I incorporated the MOOC material into my residential class in 2014, and it changed everything. It changed literally everything. And I continued to use it right up until my last offering, which was fall of 2016.

Before 2014, it was a very traditional class with lectures, PowerPoints, and a little bit of student discussion. When I incorporated the MOOC material in 2014, I didn't anticipate any major changes. I simply said, why don't you look at these video lectures we just produced and see what you think, and think about them?

And what I realized right away was that students would come into class, and they would have a lot of knowledge, which was not the case before. So I would ask, so when did Perry come to Japan? 1853. When did Meiji era begin? 1868. Why did it begin? Blah, blah. So, my goodness.

I had a whole set of PowerPoints which I had created from years of teaching. I did not show a single PowerPoint. For 70 minutes, I just asked them questions, just to see if I can find something that they didn't know. They knew the whole thing. And I said, gee, this is different.

And without realizing it-- I didn't even know what a flipped class was-- I just did a flipped class. I did not lecture for a single minute. It was just question, answer, discussion, posing deeper questions for students to discuss. And I was absolutely, absolutely stunned that just in this one class, the way I teach changed fundamentally.

So by having flipped the class, one big concrete thing that came out of it-- this is MIT. So one of the students was actually getting some data on this. So there were a couple times when I had a traditional lecture class, because I had to do something. And this student timed me. And she found that I was speaking 80%, students 20%, which for a traditional lecture class, that's not bad.

And then so she told me that. And I said, well, look. Why don't you do the same thing when we do the discussion? So she did that, and she found that it was 50-50. And qualitatively, it's just completely different, completely different.

I remember we had a bunch of visitors from Japan the second week of the class. And I was doing the interactive style. And they came up to me and said, so how many months have you been teaching this class? I said, two weeks. They are like, it's quite remarkable. I mean, just the sheer amount of knowledge the students gain from this new way of teaching you cannot compare to the previous.

We like to lecture. We all like to lecture. And I miss lecturing. A lot of faculty members who flip class tell me this. In their quiet moment in the corner of their room, they whisper, I miss lecturing. But we all know that this flipping class makes it so much more effective.

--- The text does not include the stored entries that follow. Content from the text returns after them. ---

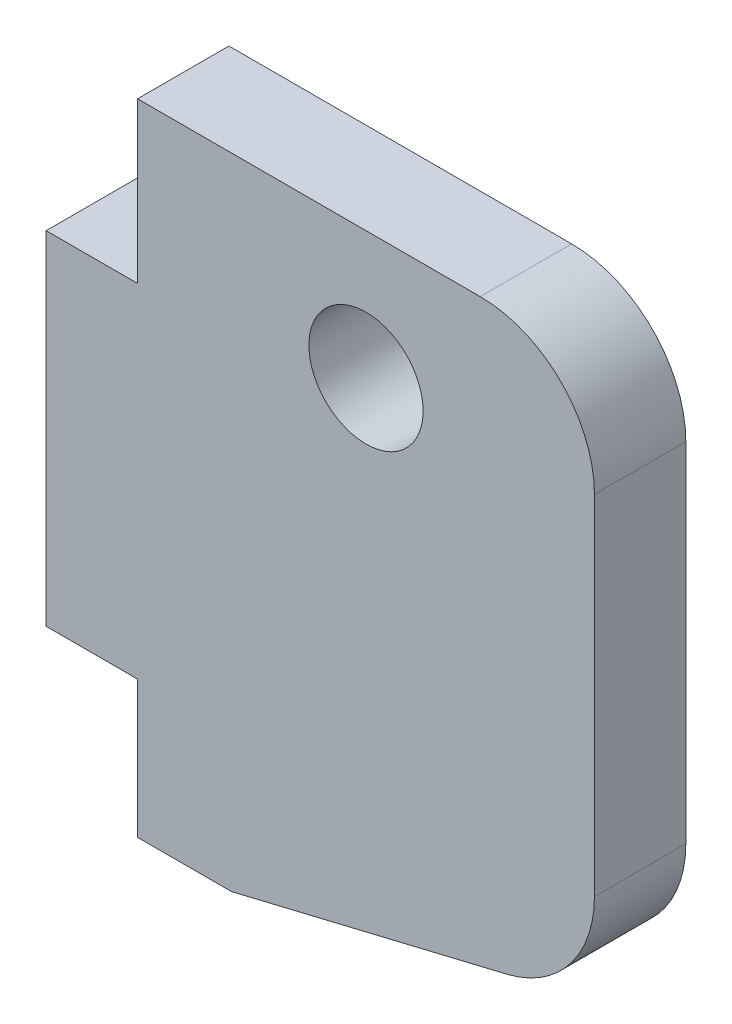
from build123d import *

# Parameters (mm, degrees)
SKETCH_1_R      = 2.5
EXTRUDE_1_DEPTH = 4
FILLET_1_R      = 5


with BuildPart() as part:
    # ｽｹｯﾁ1 → ﾎﾞｽ - 押し出し1 (new body)
    with BuildSketch(Plane.XY):
        Polygon((0, 15), (0, 0), (4, 0), (4, -6), (8.110763801, -6), (24, -2.18322685), (24, 22), (4, 22), (4, 15), align=None)
        with Locations((14, 16.41)):
            Circle(SKETCH_1_R, mode=Mode.SUBTRACT)
    extrude(amount=EXTRUDE_1_DEPTH)

    # ﾌｨﾚｯﾄ1
    fillet_1_edges = [part.edges().sort_by_distance(p)[0] for p in [
        (24, 22, 2),
        (24, -2.18322685, 2),
    ]]
    fillet(fillet_1_edges, radius=FILLET_1_R)


solid = part.part

What's really important is to have good material for students to study ahead of class, and I strongly recommend video. Video is a very rich source of knowledge. And if you combine that with reading, you'll be amazed at how much students bring into class.

And as one of my colleagues, Rhonda Gibson, who has flipped her materials class has said, the reason why flipped class is so effective is the students touch the same material several times. Once when they viewing it before coming to class, and second time when we're discussing it, and third time when they do a piece that's based on it. That's why it's so effective. Yeah. I think lecturing is going to go the wayside of blackboards.